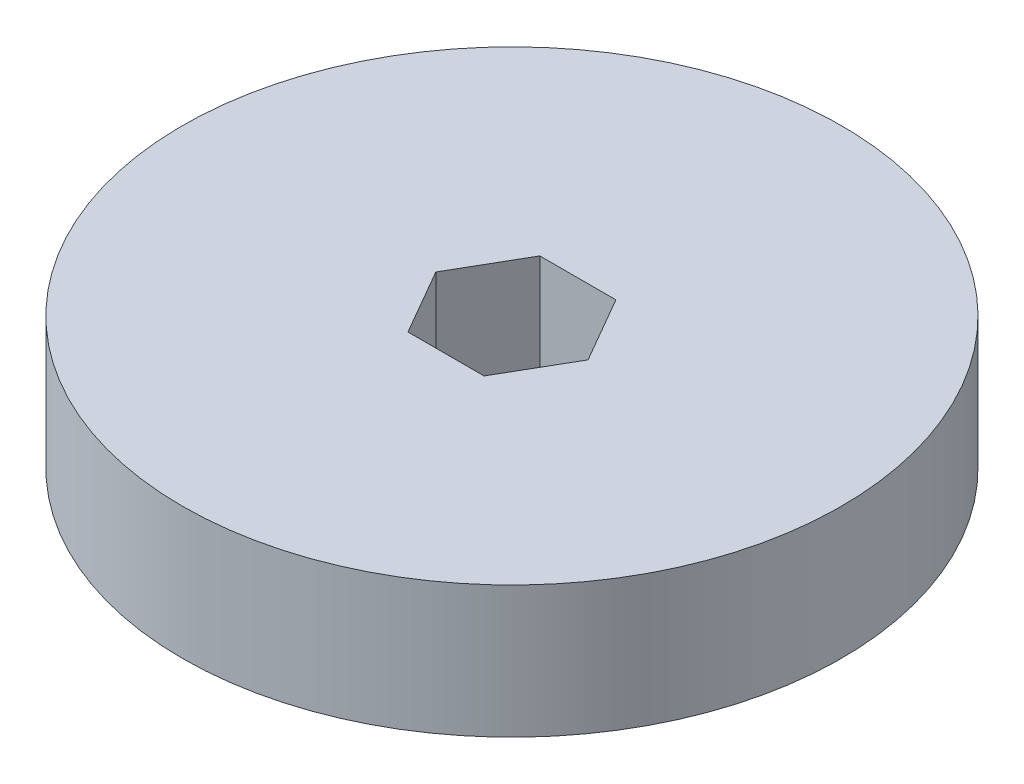
from build123d import *

# Parameters (mm, degrees)
SKETCH1_R           = 31.75
BOSS_EXTRUDE1_DEPTH = 12.7


with BuildPart() as part:
    # Sketch1 → Boss-Extrude1 (new body)
    with BuildSketch(Plane(origin=(0, 0, 0), x_dir=(1, 0, 0), z_dir=(0, 1, 0))):
        with Locations(Location((0, 0, 0), (0, 0, 270))):
            Circle(SKETCH1_R)
        Polygon((-7.332348419, 0), (-3.666174209, -6.35), (3.666174209, -6.35), (7.332348419, 0), (3.666174209, 6.35), (-3.666174209, 6.35), align=None, mode=Mode.SUBTRACT)
    extrude(amount=BOSS_EXTRUDE1_DEPTH)


solid = part.part

**What you need to do**
Give back all of the entries above exactly, with the pictures excluded.

**Expected output**
from build123d import *

# Parameters (mm, degrees)
SKETCH1_R           = 31.75
BOSS_EXTRUDE1_DEPTH = 12.7


with BuildPart() as part:
    # Sketch1 → Boss-Extrude1 (new body)
    with BuildSketch(Plane(origin=(0, 0, 0), x_dir=(1, 0, 0), z_dir=(0, 1, 0))):
        with Locations(Location((0, 0, 0), (0, 0, 270))):
            Circle(SKETCH1_R)
        Polygon((-7.332348419, 0), (-3.666174209, -6.35), (3.666174209, -6.35), (7.332348419, 0), (3.666174209, 6.35), (-3.666174209, 6.35), align=None, mode=Mode.SUBTRACT)
    extrude(amount=BOSS_EXTRUDE1_DEPTH)


solid = part.part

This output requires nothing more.